** Input follows **
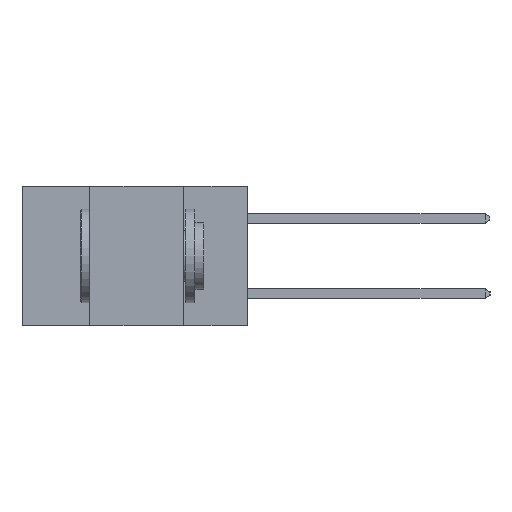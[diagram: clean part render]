
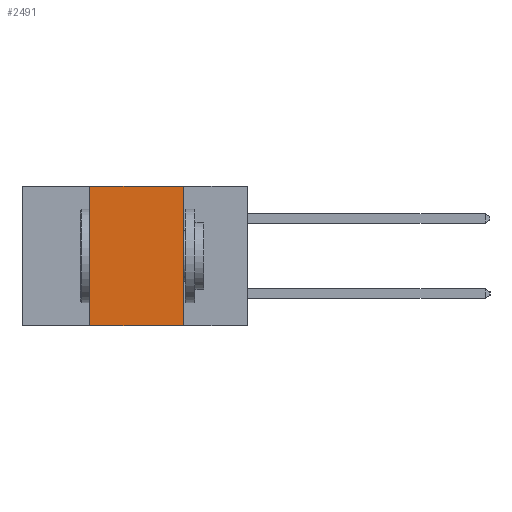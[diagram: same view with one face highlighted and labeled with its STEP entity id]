
A CAD part, left-side view. The second image highlights one B-rep face of the part: STEP entity #2491.
In plain terms, the highlighted planar face has unit normal (-1, 0, 0).
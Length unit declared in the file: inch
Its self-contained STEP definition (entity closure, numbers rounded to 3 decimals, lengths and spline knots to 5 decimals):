
#1039 = VECTOR ( 'NONE', #10290, 39.37008 ) ;
#1192 = VECTOR ( 'NONE', #9290, 39.37008 ) ;
#1359 = LINE ( 'NONE', #10206, #3494 ) ;
#1633 = CARTESIAN_POINT ( 'NONE',  ( 0., 0.6, 0. ) ) ;
#1730 = VERTEX_POINT ( 'NONE', #12350 ) ;
#2317 = PLANE ( 'NONE',  #3333 ) ;
#2351 = ORIENTED_EDGE ( 'NONE', *, *, #6133, .F. ) ;
#2459 = FACE_OUTER_BOUND ( 'NONE', #10204, .T. ) ;
#2491 = ADVANCED_FACE ( 'NONE', ( #2459 ), #2317, .F. ) ;
#3201 = ORIENTED_EDGE ( 'NONE', *, *, #6136, .F. ) ;
#3333 = AXIS2_PLACEMENT_3D ( 'NONE', #1633, #5403, #7339 ) ;
#3464 = ORIENTED_EDGE ( 'NONE', *, *, #6254, .F. ) ;
#3494 = VECTOR ( 'NONE', #10154, 39.37008 ) ;
#3599 = ORIENTED_EDGE ( 'NONE', *, *, #6302, .T. ) ;
#3957 = LINE ( 'NONE', #9364, #1192 ) ;
#4575 = LINE ( 'NONE', #9547, #9520 ) ;
#5397 = CARTESIAN_POINT ( 'NONE',  ( 0., 0.17, 0. ) ) ;
#5403 = DIRECTION ( 'NONE',  ( 1., 0., 0. ) ) ;
#6133 = EDGE_CURVE ( 'NONE', #6894, #1730, #9048, .T. ) ;
#6136 = EDGE_CURVE ( 'NONE', #10607, #6894, #1359, .T. ) ;
#6254 = EDGE_CURVE ( 'NONE', #11704, #10607, #4575, .T. ) ;
#6302 = EDGE_CURVE ( 'NONE', #11704, #1730, #3957, .T. ) ;
#6894 = VERTEX_POINT ( 'NONE', #5397 ) ;
#7339 = DIRECTION ( 'NONE',  ( 0., 0., -1. ) ) ;
#8437 = CARTESIAN_POINT ( 'NONE',  ( 0., 0.42, 0. ) ) ;
#9048 = LINE ( 'NONE', #10305, #1039 ) ;
#9290 = DIRECTION ( 'NONE',  ( 0., -1., 0. ) ) ;
#9364 = CARTESIAN_POINT ( 'NONE',  ( 0., 0.6, -0.37 ) ) ;
#9508 = DIRECTION ( 'NONE',  ( 0., 0., 1. ) ) ;
#9520 = VECTOR ( 'NONE', #9508, 39.37008 ) ;
#9547 = CARTESIAN_POINT ( 'NONE',  ( 0., 0.42, -0.37 ) ) ;
#10154 = DIRECTION ( 'NONE',  ( 0., -1., 0. ) ) ;
#10204 = EDGE_LOOP ( 'NONE', ( #2351, #3201, #3464, #3599 ) ) ;
#10206 = CARTESIAN_POINT ( 'NONE',  ( 0., 0.6, 0. ) ) ;
#10290 = DIRECTION ( 'NONE',  ( 0., 0., -1. ) ) ;
#10305 = CARTESIAN_POINT ( 'NONE',  ( 0., 0.17, -0.37 ) ) ;
#10607 = VERTEX_POINT ( 'NONE', #8437 ) ;
#10815 = CARTESIAN_POINT ( 'NONE',  ( 0., 0.42, -0.37 ) ) ;
#11704 = VERTEX_POINT ( 'NONE', #10815 ) ;
#12350 = CARTESIAN_POINT ( 'NONE',  ( 0., 0.17, -0.37 ) ) ;
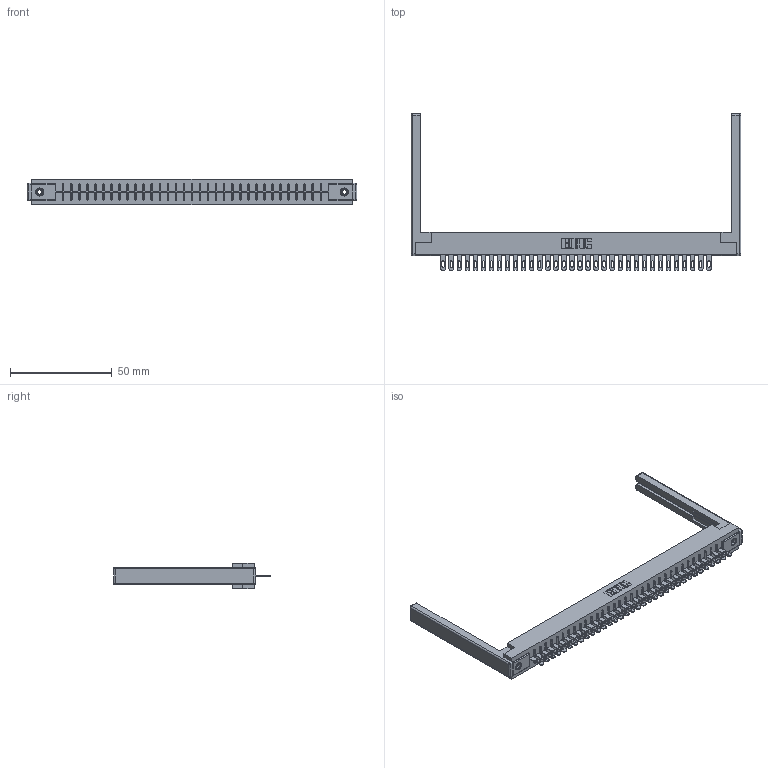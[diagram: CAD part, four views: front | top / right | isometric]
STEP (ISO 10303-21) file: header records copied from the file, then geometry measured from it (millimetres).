
FILE_DESCRIPTION (( 'STEP AP203' ), '1' );
FILE_NAME ('356-034-400-168.STEP', '2020-09-23T21:57:34', ( '' ), ( '' ), 'SwSTEP 2.0', 'SolidWorks 2020', '' );
FILE_SCHEMA (( 'CONFIG_CONTROL_DESIGN' ));
Length unit declared in the file: inch
Products named in the file (5): 307-220-068; 356-034-400-168; 306 Part_.156 Dia; 345-250-001_345-250-001-102; 306-290-001_100
Assembly tree (39 placements, depth 2):
  356-034-400-168
    306 Part_.156 Dia
    306-290-001_100  x34
    345-250-001_345-250-001-102  x2
    307-220-068  x2
Bounding box: 162.15 x 77.17 x 12.7 mm (x, y, z)
Volume: 22328.7 mm3; surface area: 23016.7 mm2
Topology: 39 solids, 39 shells, 2854 faces, 8016 edges, 5140 vertices
Faces by surface type: plane 1856, cylinder 838, sphere 144, cone 12, torus 4
Entity records: 35666 total; most frequent: CARTESIAN_POINT 5954, ORIENTED_EDGE 5894, DIRECTION 5885, EDGE_CURVE 2947, VECTOR 2295, LINE 2295, VERTEX_POINT 1864, AXIS2_PLACEMENT_3D 1795
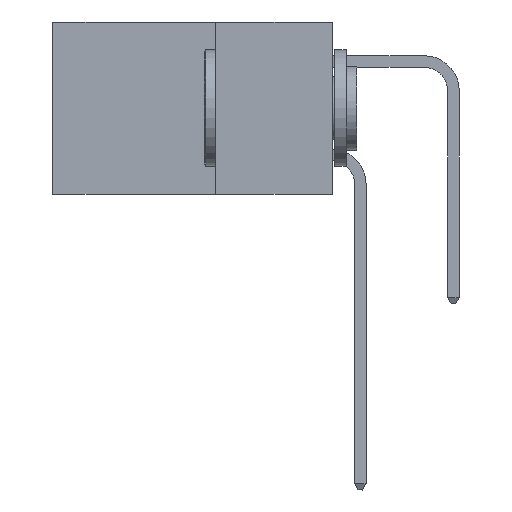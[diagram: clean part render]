
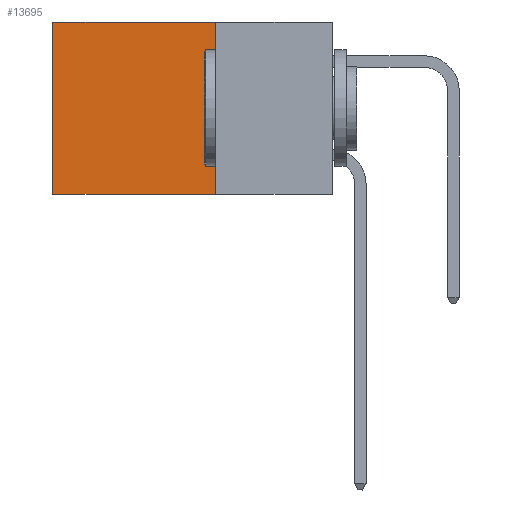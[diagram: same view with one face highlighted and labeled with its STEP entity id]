
A CAD part, left-side view. The second image highlights one B-rep face of the part: STEP entity #13695.
In plain terms, the highlighted planar face has unit normal (-1, 0, 0).
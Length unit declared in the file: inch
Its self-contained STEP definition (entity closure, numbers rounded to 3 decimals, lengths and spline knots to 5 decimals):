
#914 = CARTESIAN_POINT ( 'NONE',  ( 0.298, 0.25, 0. ) ) ;
#2496 = EDGE_CURVE ( 'NONE', #17172, #15841, #9105, .T. ) ;
#2509 = AXIS2_PLACEMENT_3D ( 'NONE', #914, #18660, #5358 ) ;
#3948 = EDGE_CURVE ( 'NONE', #11054, #15841, #18028, .T. ) ;
#5358 = DIRECTION ( 'NONE',  ( 0., 0., -1. ) ) ;
#5559 = ORIENTED_EDGE ( 'NONE', *, *, #8660, .F. ) ;
#5646 = DIRECTION ( 'NONE',  ( 0., 1., 0. ) ) ;
#5874 = CARTESIAN_POINT ( 'NONE',  ( 0.298, 0.25, -0.37 ) ) ;
#6226 = VECTOR ( 'NONE', #21169, 39.37008 ) ;
#6313 = DIRECTION ( 'NONE',  ( 0., 1., 0. ) ) ;
#7433 = CARTESIAN_POINT ( 'NONE',  ( 0.298, 0.25, 0. ) ) ;
#8660 = EDGE_CURVE ( 'NONE', #25600, #17172, #8959, .T. ) ;
#8959 = LINE ( 'NONE', #13352, #14181 ) ;
#9105 = LINE ( 'NONE', #5874, #13618 ) ;
#11054 = VERTEX_POINT ( 'NONE', #24934 ) ;
#11500 = VECTOR ( 'NONE', #6313, 39.37008 ) ;
#12025 = PLANE ( 'NONE',  #2509 ) ;
#13352 = CARTESIAN_POINT ( 'NONE',  ( 0.298, 0.25, 0. ) ) ;
#13606 = ORIENTED_EDGE ( 'NONE', *, *, #18066, .T. ) ;
#13618 = VECTOR ( 'NONE', #5646, 39.37008 ) ;
#13695 = ADVANCED_FACE ( 'NONE', ( #28338 ), #12025, .F. ) ;
#14081 = ORIENTED_EDGE ( 'NONE', *, *, #3948, .T. ) ;
#14181 = VECTOR ( 'NONE', #20006, 39.37008 ) ;
#15841 = VERTEX_POINT ( 'NONE', #20681 ) ;
#16751 = CARTESIAN_POINT ( 'NONE',  ( 0.298, 0.25, -0.37 ) ) ;
#17172 = VERTEX_POINT ( 'NONE', #16751 ) ;
#17334 = LINE ( 'NONE', #21790, #11500 ) ;
#18028 = LINE ( 'NONE', #20967, #6226 ) ;
#18066 = EDGE_CURVE ( 'NONE', #25600, #11054, #17334, .T. ) ;
#18660 = DIRECTION ( 'NONE',  ( 1., 0., 0. ) ) ;
#20006 = DIRECTION ( 'NONE',  ( 0., 0., -1. ) ) ;
#20681 = CARTESIAN_POINT ( 'NONE',  ( 0.298, 0.6, -0.37 ) ) ;
#20967 = CARTESIAN_POINT ( 'NONE',  ( 0.298, 0.6, 0. ) ) ;
#21169 = DIRECTION ( 'NONE',  ( 0., 0., -1. ) ) ;
#21790 = CARTESIAN_POINT ( 'NONE',  ( 0.298, 0.25, 0. ) ) ;
#23103 = ORIENTED_EDGE ( 'NONE', *, *, #2496, .F. ) ;
#23720 = EDGE_LOOP ( 'NONE', ( #14081, #23103, #5559, #13606 ) ) ;
#24934 = CARTESIAN_POINT ( 'NONE',  ( 0.298, 0.6, 0. ) ) ;
#25600 = VERTEX_POINT ( 'NONE', #7433 ) ;
#28338 = FACE_OUTER_BOUND ( 'NONE', #23720, .T. ) ;
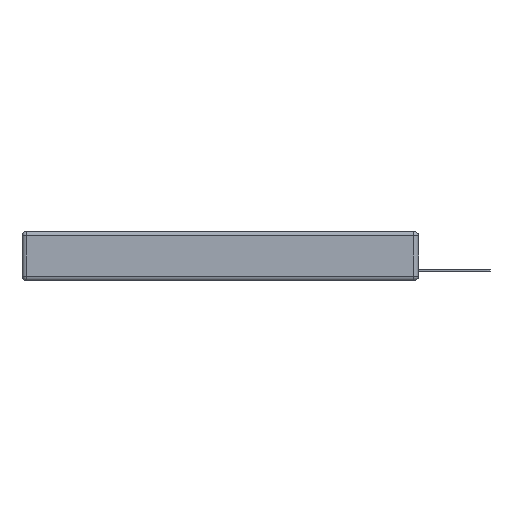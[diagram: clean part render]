
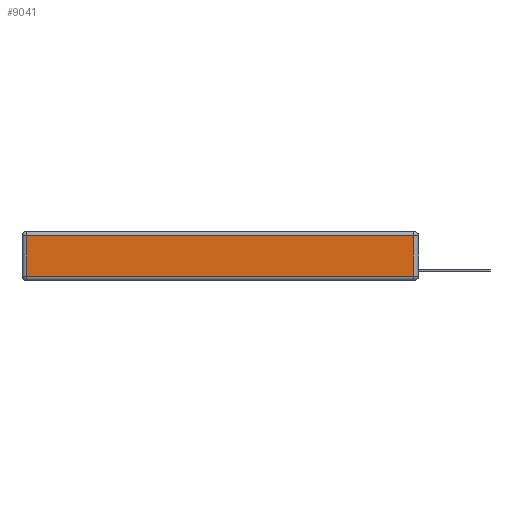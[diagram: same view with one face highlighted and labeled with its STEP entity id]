
A CAD part, left-side view. The second image highlights one B-rep face of the part: STEP entity #9041.
In plain terms, the highlighted planar face has unit normal (-1, 0, 0).
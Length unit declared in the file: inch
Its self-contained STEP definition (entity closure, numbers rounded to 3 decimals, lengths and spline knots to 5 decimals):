
#232 = EDGE_CURVE ( 'NONE', #12950, #11851, #2485, .T. ) ;
#245 = ORIENTED_EDGE ( 'NONE', *, *, #8034, .T. ) ;
#1006 = ORIENTED_EDGE ( 'NONE', *, *, #4992, .T. ) ;
#1263 = LINE ( 'NONE', #5545, #15086 ) ;
#1638 = DIRECTION ( 'NONE',  ( 0., 0., 1. ) ) ;
#2485 = LINE ( 'NONE', #7924, #13206 ) ;
#2680 = CARTESIAN_POINT ( 'NONE',  ( 0., 0.03, -0.313 ) ) ;
#3599 = VECTOR ( 'NONE', #1638, 39.37008 ) ;
#3632 = CARTESIAN_POINT ( 'NONE',  ( 0., 2.72, -0.03 ) ) ;
#4244 = CARTESIAN_POINT ( 'NONE',  ( 0., 2.72, -0.313 ) ) ;
#4803 = LINE ( 'NONE', #10966, #12752 ) ;
#4992 = EDGE_CURVE ( 'NONE', #8813, #12157, #4803, .T. ) ;
#4999 = CARTESIAN_POINT ( 'NONE',  ( 0., 0.03, -0.343 ) ) ;
#5394 = CARTESIAN_POINT ( 'NONE',  ( 0., 0.03, -0.03 ) ) ;
#5545 = CARTESIAN_POINT ( 'NONE',  ( 0., 2.72, -0.343 ) ) ;
#5698 = PLANE ( 'NONE',  #11499 ) ;
#5836 = LINE ( 'NONE', #4999, #3599 ) ;
#6877 = CARTESIAN_POINT ( 'NONE',  ( 0., 0., -0.343 ) ) ;
#7924 = CARTESIAN_POINT ( 'NONE',  ( 0., 2.75, -0.03 ) ) ;
#8034 = EDGE_CURVE ( 'NONE', #12157, #12950, #5836, .T. ) ;
#8718 = FACE_OUTER_BOUND ( 'NONE', #10525, .T. ) ;
#8813 = VERTEX_POINT ( 'NONE', #4244 ) ;
#9041 = ADVANCED_FACE ( 'NONE', ( #8718 ), #5698, .T. ) ;
#10252 = DIRECTION ( 'NONE',  ( 0., 0., -1. ) ) ;
#10482 = DIRECTION ( 'NONE',  ( 0., 0., 1. ) ) ;
#10525 = EDGE_LOOP ( 'NONE', ( #1006, #245, #13417, #14843 ) ) ;
#10966 = CARTESIAN_POINT ( 'NONE',  ( 0., 0., -0.313 ) ) ;
#11499 = AXIS2_PLACEMENT_3D ( 'NONE', #6877, #11743, #10482 ) ;
#11743 = DIRECTION ( 'NONE',  ( -1., 0., 0. ) ) ;
#11851 = VERTEX_POINT ( 'NONE', #3632 ) ;
#12157 = VERTEX_POINT ( 'NONE', #2680 ) ;
#12483 = DIRECTION ( 'NONE',  ( 0., 1., 0. ) ) ;
#12752 = VECTOR ( 'NONE', #14455, 39.37008 ) ;
#12950 = VERTEX_POINT ( 'NONE', #5394 ) ;
#13074 = EDGE_CURVE ( 'NONE', #11851, #8813, #1263, .T. ) ;
#13206 = VECTOR ( 'NONE', #12483, 39.37008 ) ;
#13417 = ORIENTED_EDGE ( 'NONE', *, *, #232, .T. ) ;
#14455 = DIRECTION ( 'NONE',  ( 0., -1., 0. ) ) ;
#14843 = ORIENTED_EDGE ( 'NONE', *, *, #13074, .T. ) ;
#15086 = VECTOR ( 'NONE', #10252, 39.37008 ) ;
** End of Input **
**What to produce:**
Copy each line above that contains the word "second".

**Output:**
A CAD part, left-side view. The second image highlights one B-rep face of the part: STEP entity #2491.
A CAD part, left-side view. The second image highlights one B-rep face of the part: STEP entity #13695.
A CAD part, left-side view. The second image highlights one B-rep face of the part: STEP entity #9041.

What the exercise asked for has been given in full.